General Abstract The Apple watch was a new technology first introduced in 2015. At that time, its validity and reliability for measuring stepping frequency and heart rate monitoring during exercise was unknown. Current evidence indicates that the effectiveness of cardiac rehabilitation (CR) programmes for improving patient outcomes may be questionable in the United Kingdom (UK). We postulated that the exercise dose that patients receive during Phase III CR may not be a high enough stimulus to invoke a positive physiological adaptation. Therefore, this thesis aims to examine the validity and reliability of the Apple watch for measuring heart rate and step frequency. We then planned, based on our initial findings, to apply this technology to patients undertaking Phase III CR in order to monitor and quantify exercise dose and training progression to determine the fidelity of the intervention.

The aim of the first study was to examine the validity and variability of the Apple watch for measuring step count. On two occasions, 21 males completed treadmill exercise while wearing two Apple watches (left and right wrists) and an ActivPAL (criterion). Exercise involved 5 min bouts of walking, jogging, and running at speeds of 4 km.h-1, 7 km.h-1, and 10 km.h-1, followed by 11 min of rest between each bout. There was a small under-estimation in step count during walking but large and very large over-estimations during jogging and running. There were poor to very poor correlations during walking, jogging and running. The inter-device variability showed good to nearly perfect intraclass correlations and small to moderate standardised typical errors. Intra-device variability was large to very large for all exercise intensities. The Apple watch has adequate validity for measuring step count during walking, but very poor validity during jogging and running. On this basis, we concluded that quantifying stepping frequency during Phase III CR using the Apple watch should not be pursued.
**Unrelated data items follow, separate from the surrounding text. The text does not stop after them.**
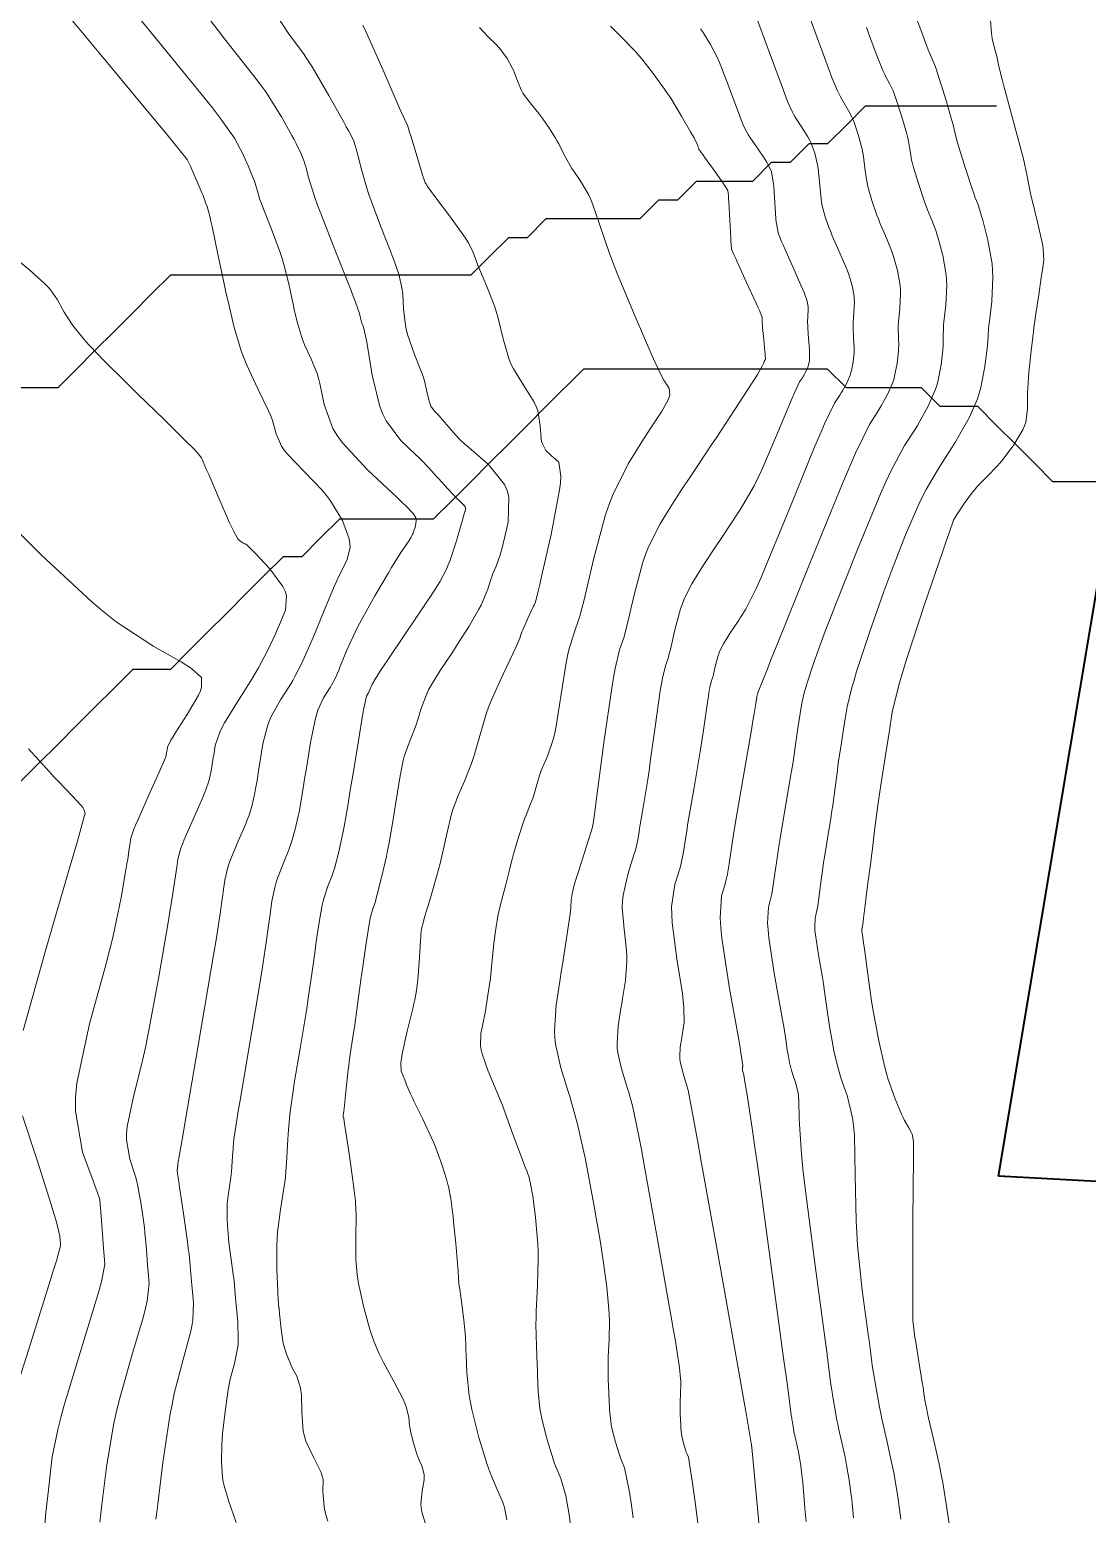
# Model space of a CAD drawing. Header units: millimetres. Extents: x 837475 to 838477, y 1189012 to 1191015.
# Drawn here: x 837541.6 to 837597.9, y 1189216.4 to 1189295.5 of the extents above; entities that cross this region are included whole.
import ezdxf

# ---------------------------------------------------------------- set-up
doc = ezdxf.new("R2010")
doc.units = ezdxf.units.MM
doc.header["$LTSCALE"] = 0.3
doc.layers.add('CORREDORVIA', color=94, linetype='Continuous', lineweight=40)
doc.layers.add('DRENAJE', color=5, linetype='Continuous', lineweight=25)
doc.layers.add('COTAS 10', color=7, linetype='Continuous', lineweight=9, true_color=0x6e3e2d)
doc.layers.add('COTAS INT', color=7, linetype='Continuous', lineweight=5, true_color=0x9fa19f)

msp = doc.modelspace()

# ---------------------------------------------------------------- linework, layer by layer
at = {"layer": 'CORREDORVIA'}
msp.add_lwpolyline([(837918.48, 1189883.493), (837925.042, 1189453.383), (837902.497, 1189217.712), (837593.191, 1189234.399), (837666.017, 1189670.117), (837623.316, 1189818.024), (837548.503, 1190011.455), (837506.88, 1190461.595), (837936.282, 1190278.252), (837938.054, 1190355.403), (837933.054, 1190517.446), (837913.685, 1190646.739), (837916.913, 1190801.892), (837910.676, 1191000.965), (838213.029, 1190992.912), (838237.174, 1190821.339), (838237.001, 1190602.875), (838240.031, 1190437.198), (838238.102, 1190145.726), (838184.199, 1189898.277), (837758.842, 1190109.914), (837918.48, 1189883.493)], dxfattribs=at)
at = {"layer": 'COTAS 10'}
for points in [[(837579.9, 1189297.217), (837580.606, 1189295.314), (837581.333, 1189293.338), (837581.49, 1189292.914), (837581.627, 1189292.544), (837581.959, 1189291.654), (837582.199, 1189291.116), (837582.276, 1189290.968), (837582.36, 1189290.821), (837582.702, 1189290.295), (837583.038, 1189289.761), (837583.118, 1189289.61), (837583.191, 1189289.457), (837583.405, 1189288.892), (837583.553, 1189288.28), (837583.585, 1189288.097), (837583.612, 1189287.908), (837583.678, 1189287.177), (837583.745, 1189286.453), (837583.772, 1189286.268), (837583.804, 1189286.09), (837583.954, 1189285.505), (837584.176, 1189284.894), (837584.253, 1189284.7), (837584.338, 1189284.495), (837584.704, 1189283.666), (837585.062, 1189282.837), (837585.142, 1189282.632), (837585.213, 1189282.438), (837585.402, 1189281.825), (837585.498, 1189281.281), (837585.51, 1189281.13), (837585.517, 1189280.978), (837585.489, 1189280.428), (837585.445, 1189279.883), (837585.441, 1189279.733), (837585.441, 1189279.585), (837585.469, 1189279.057), (837585.499, 1189278.542), (837585.499, 1189278.403), (837585.496, 1189278.265), (837585.457, 1189277.779), (837585.366, 1189277.315), (837585.33, 1189277.192), (837585.29, 1189277.071), (837585.107, 1189276.653), (837584.879, 1189276.243), (837584.811, 1189276.127), (837584.739, 1189276.01), (837584.462, 1189275.578), (837583.924, 1189274.476), (837583.689, 1189273.936), (837583.417, 1189273.294), (837582.123, 1189270.128), (837580.823, 1189266.95), (837580.547, 1189266.301), (837580.307, 1189265.752), (837579.744, 1189264.603), (837579.441, 1189264.144), (837579.365, 1189264.029), (837579.293, 1189263.92), (837579.062, 1189263.574), (837578.855, 1189263.261), (837578.799, 1189263.174), (837578.742, 1189263.086), (837578.541, 1189262.764), (837578.355, 1189262.392), (837578.309, 1189262.273), (837578.266, 1189262.145), (837578.126, 1189261.624), (837578.015, 1189261.141), (837577.988, 1189261.038), (837577.964, 1189260.949), (837577.892, 1189260.735), (837577.818, 1189260.436), (837577.792, 1189260.292), (837577.764, 1189260.122), (837577.645, 1189259.287), (837577.461, 1189258.033), (837577.393, 1189257.599), (837577.317, 1189257.127), (837576.979, 1189255.11), (837576.656, 1189253.207), (837576.59, 1189252.807), (837576.534, 1189252.463), (837576.416, 1189251.679), (837576.314, 1189251.154), (837576.268, 1189250.973), (837576.214, 1189250.777), (837575.957, 1189249.939), (837575.786, 1189248.76), (837575.787, 1189248.349), (837575.809, 1189247.902), (837576.06, 1189245.98), (837576.355, 1189244.142), (837576.404, 1189243.747), (837576.439, 1189243.402), (837576.449, 1189242.567), (837576.367, 1189242.057), (837576.345, 1189241.916), (837576.324, 1189241.776), (837576.247, 1189241.271), (837576.215, 1189240.78), (837576.221, 1189240.648), (837576.234, 1189240.518), (837576.337, 1189240.064), (837576.476, 1189239.629), (837576.511, 1189239.511), (837576.545, 1189239.393), (837576.658, 1189238.979), (837576.989, 1189237.263), (837577.16, 1189236.325), (837577.366, 1189235.186), (837578.396, 1189229.402), (837579.41, 1189223.675), (837579.604, 1189222.571), (837579.762, 1189221.677), (837580.021, 1189220.191), (837580.034, 1189220.092), (837580.037, 1189220.073), (837580.039, 1189220.058), (837580.042, 1189220.033), (837580.043, 1189220.03), (837580.043, 1189220.027), (837580.044, 1189220.021), (837580.045, 1189220.014), (837580.046, 1189220.012), (837580.046, 1189220.01), (837580.048, 1189220.002), (837580.05, 1189219.995), (837580.05, 1189219.99), (837580.052, 1189219.982), (837580.053, 1189219.974), (837580.053, 1189219.97), (837580.054, 1189219.962), (837580.898, 1189210.827)], [(837554.777, 1189296.195), (837555.421, 1189295.221), (837556.18, 1189294.2), (837556.406, 1189293.86), (837556.639, 1189293.496), (837557.535, 1189291.976), (837558.308, 1189290.588), (837558.462, 1189290.307), (837558.591, 1189290.071), (837558.839, 1189289.593), (837558.951, 1189289.251), (837558.994, 1189289.101), (837559.041, 1189288.927), (837559.252, 1189288.099), (837559.56, 1189287.028), (837559.667, 1189286.701), (837559.784, 1189286.361), (837560.289, 1189285.024), (837560.783, 1189283.764), (837560.893, 1189283.473), (837560.993, 1189283.207), (837561.256, 1189282.453), (837561.412, 1189281.811), (837561.442, 1189281.614), (837561.468, 1189281.41), (837561.515, 1189280.607), (837561.611, 1189279.714), (837561.668, 1189279.454), (837561.738, 1189279.187), (837562.098, 1189278.176), (837562.472, 1189277.223), (837562.551, 1189276.992), (837562.619, 1189276.776), (837562.776, 1189276.119), (837562.887, 1189275.629), (837562.926, 1189275.518), (837562.969, 1189275.419), (837563.156, 1189275.151), (837563.405, 1189274.899), (837563.488, 1189274.81), (837563.576, 1189274.713), (837563.945, 1189274.29), (837564.28, 1189273.896), (837564.348, 1189273.817), (837564.405, 1189273.751), (837564.52, 1189273.621), (837564.778, 1189273.393), (837564.926, 1189273.266), (837565.107, 1189273.111), (837566.036, 1189272.319), (837566.894, 1189271.255), (837567.03, 1189270.929), (837567.122, 1189270.589), (837567.087, 1189269.247), (837566.791, 1189268.014), (837566.719, 1189267.744), (837566.65, 1189267.504), (837566.436, 1189266.895), (837566.253, 1189266.458), (837566.204, 1189266.327), (837566.156, 1189266.192), (837565.991, 1189265.668), (837565.742, 1189265.031), (837565.642, 1189264.824), (837565.528, 1189264.604), (837565.002, 1189263.702), (837564.392, 1189262.739), (837564.226, 1189262.482), (837564.06, 1189262.228), (837563.468, 1189261.344), (837562.959, 1189260.519), (837562.846, 1189260.302), (837562.744, 1189260.09), (837562.473, 1189259.368), (837562.261, 1189258.682), (837562.196, 1189258.494), (837562.129, 1189258.306), (837561.861, 1189257.632), (837561.609, 1189256.947), (837561.55, 1189256.752), (837561.496, 1189256.555), (837561.343, 1189255.824), (837561.207, 1189254.982), (837561.164, 1189254.714), (837561.119, 1189254.432), (837560.935, 1189253.29), (837560.724, 1189252.081), (837560.661, 1189251.757), (837560.597, 1189251.437), (837560.347, 1189250.323), (837560.116, 1189249.405), (837560.063, 1189249.21), (837560.015, 1189249.041), (837559.879, 1189248.643), (837559.76, 1189248.221), (837559.722, 1189248.037), (837559.682, 1189247.824), (837559.518, 1189246.812), (837559.34, 1189245.576), (837559.29, 1189245.222), (837559.24, 1189244.863), (837559.058, 1189243.525), (837558.895, 1189242.323), (837558.856, 1189242.05), (837558.82, 1189241.803), (837558.714, 1189241.128), (837558.622, 1189240.506), (837558.594, 1189240.293), (837558.566, 1189240.062), (837558.456, 1189239.081), (837558.361, 1189238.19), (837558.343, 1189238.017), (837558.327, 1189237.876), (837558.298, 1189237.63), (837558.294, 1189237.594), (837558.294, 1189237.585), (837558.295, 1189237.576), (837558.305, 1189237.545), (837558.317, 1189237.52), (837558.32, 1189237.514), (837558.322, 1189237.509), (837558.328, 1189237.493), (837558.377, 1189237.178), (837558.406, 1189236.984), (837558.441, 1189236.743), (837558.626, 1189235.488), (837558.817, 1189234.17), (837558.856, 1189233.89), (837558.889, 1189233.646), (837558.958, 1189233.074), (837558.979, 1189232.587), (837558.982, 1189232.398), (837558.982, 1189232.185), (837558.973, 1189231.222), (837558.971, 1189230.224), (837558.977, 1189229.99), (837558.986, 1189229.775), (837559.041, 1189229.149), (837559.14, 1189228.576), (837559.177, 1189228.393), (837559.218, 1189228.201), (837559.399, 1189227.419), (837559.607, 1189226.626), (837559.664, 1189226.426), (837559.721, 1189226.235), (837559.928, 1189225.616), (837560.216, 1189224.948), (837560.324, 1189224.726), (837560.444, 1189224.489), (837560.983, 1189223.497), (837561.483, 1189222.534), (837561.579, 1189222.315), (837561.657, 1189222.116), (837561.787, 1189221.566), (837561.832, 1189221.103), (837561.857, 1189220.959), (837561.887, 1189220.807), (837562.039, 1189220.198), (837562.224, 1189219.603), (837562.274, 1189219.46), (837562.323, 1189219.326), (837562.498, 1189218.919), (837562.603, 1189218.512), (837562.609, 1189218.379), (837562.604, 1189218.236), (837562.501, 1189217.644), (837562.434, 1189216.949), (837562.452, 1189216.742), (837562.485, 1189216.528), (837562.737, 1189215.701)], [(837539.846, 1189269.879), (837542.217, 1189267.507), (837544.917, 1189264.993), (837545.584, 1189264.433), (837546.217, 1189263.932), (837548.214, 1189262.615), (837549.68, 1189261.797), (837549.978, 1189261.611), (837550.23, 1189261.442), (837550.748, 1189260.976), (837550.763, 1189260.458), (837550.697, 1189260.256), (837550.601, 1189260.029), (837550, 1189258.995), (837549.353, 1189257.999), (837549.227, 1189257.795), (837549.125, 1189257.623), (837548.948, 1189257.262), (837548.924, 1189257.118), (837548.919, 1189257.083), (837548.913, 1189257.05), (837548.897, 1189256.948), (837548.882, 1189256.862), (837548.877, 1189256.839), (837548.873, 1189256.816), (837548.855, 1189256.736), (837548.702, 1189256.37), (837548.612, 1189256.167), (837548.502, 1189255.919), (837547.932, 1189254.657), (837547.359, 1189253.369), (837547.247, 1189253.105), (837547.156, 1189252.881), (837546.993, 1189252.409), (837546.962, 1189252.194), (837546.953, 1189252.132), (837546.944, 1189252.069), (837546.913, 1189251.836), (837546.827, 1189251.293), (837546.784, 1189251.036), (837546.733, 1189250.731), (837546.479, 1189249.244), (837546.034, 1189247.124), (837545.862, 1189246.42), (837545.669, 1189245.665), (837544.796, 1189242.52), (837544.122, 1189239.358), (837544.055, 1189238.593), (837544.039, 1189237.877), (837544.411, 1189235.691), (837544.984, 1189234.164), (837545.094, 1189233.864), (837545.184, 1189233.617), (837545.335, 1189233.168), (837545.364, 1189232.859), (837545.377, 1189232.701), (837545.392, 1189232.511), (837545.465, 1189231.563), (837545.541, 1189230.574), (837545.558, 1189230.358), (837545.573, 1189230.168), (837545.614, 1189229.693), (837545.432, 1189228.796), (837545.308, 1189228.34), (837545.151, 1189227.794), (837544.317, 1189225.074), (837543.45, 1189222.201), (837543.273, 1189221.56), (837543.123, 1189220.985), (837542.808, 1189219.464), (837542.674, 1189218.347), (837542.638, 1189218.026), (837542.602, 1189217.701), (837542.476, 1189216.486), (837542.365, 1189215.182)]]:
    msp.add_lwpolyline(points, dxfattribs=at)
at = {"layer": 'COTAS INT'}
for points in [[(837542.382, 1189297.776), (837545.304, 1189294.247), (837548.233, 1189290.714), (837548.795, 1189290.033), (837549.25, 1189289.481), (837549.997, 1189288.561), (837550.097, 1189288.348), (837550.145, 1189288.242), (837550.201, 1189288.115), (837550.474, 1189287.489), (837550.741, 1189286.865), (837550.794, 1189286.741), (837550.837, 1189286.637), (837550.914, 1189286.436), (837550.944, 1189286.34), (837550.958, 1189286.302), (837550.974, 1189286.259), (837551.05, 1189286.064), (837551.194, 1189285.535), (837551.252, 1189285.282), (837551.319, 1189284.983), (837551.627, 1189283.517), (837551.981, 1189281.842), (837552.076, 1189281.411), (837552.17, 1189280.994), (837552.499, 1189279.608), (837552.889, 1189278.315), (837553.021, 1189277.958), (837553.163, 1189277.6), (837553.767, 1189276.312), (837554.324, 1189275.165), (837554.438, 1189274.898), (837554.534, 1189274.652), (837554.736, 1189273.943), (837555.016, 1189273.292), (837555.162, 1189273.083), (837555.337, 1189272.86), (837556.215, 1189271.948), (837557.181, 1189270.941), (837557.411, 1189270.657), (837557.625, 1189270.373), (837558.263, 1189269.328), (837558.622, 1189268.359), (837558.66, 1189268.122), (837558.671, 1189267.897), (837558.49, 1189267.198), (837558.083, 1189266.405), (837557.953, 1189266.121), (837557.814, 1189265.81), (837557.249, 1189264.454), (837556.695, 1189263.094), (837556.564, 1189262.781), (837556.442, 1189262.495), (837556.082, 1189261.688), (837555.73, 1189261.013), (837555.613, 1189260.81), (837555.488, 1189260.599), (837554.965, 1189259.779), (837554.47, 1189258.89), (837554.362, 1189258.637), (837554.266, 1189258.381), (837554.026, 1189257.428), (837553.882, 1189256.538), (837553.847, 1189256.321), (837553.814, 1189256.117), (837553.712, 1189255.485), (837553.619, 1189254.949), (837553.591, 1189254.806), (837553.562, 1189254.665), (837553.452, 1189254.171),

The aim of the second study was to examine the validity and reliability of the Apple watch heart rate sensor during and in recovery from exercise. Twenty-one males completed treadmill exercise while wearing two Apple watches (left and right wrists) and a Polar S810i monitor (criterion). Exercise involved 5 min bouts of walking, jogging, and running at speeds of 4 km.h-1, 7 km.h-1, and 10 km.h-1, followed by 11 min of rest between bouts. At all exercise intensities the mean bias was trivial. There were very good correlations with the criterion during walking (L: r = 0.97; R: r = 0.97), and good (L: r = 0.93; R: r = 0.92) but poor/good (L: r = 0.81; R: r = 0.86) correlations during jogging and running. Standardised typical error of the estimate was small, moderate, and moderate to large. There were good correlations following walking, but poor correlations following jogging and running. The percentage of heart rates recorded reduced with increasing intensity but increased over time. Intra-device standardised typical errors decreased with intensity. Inter-device standardised typical errors were small to moderate with very good to nearly perfect intraclass correlations. The Apple watch heart rate sensor has very good validity during walking but validity decreases with increasing intensity. On this basis, we chose to introduce the Apple watch to a Phase III CR programme for monitoring individual exercise dose via heart rate.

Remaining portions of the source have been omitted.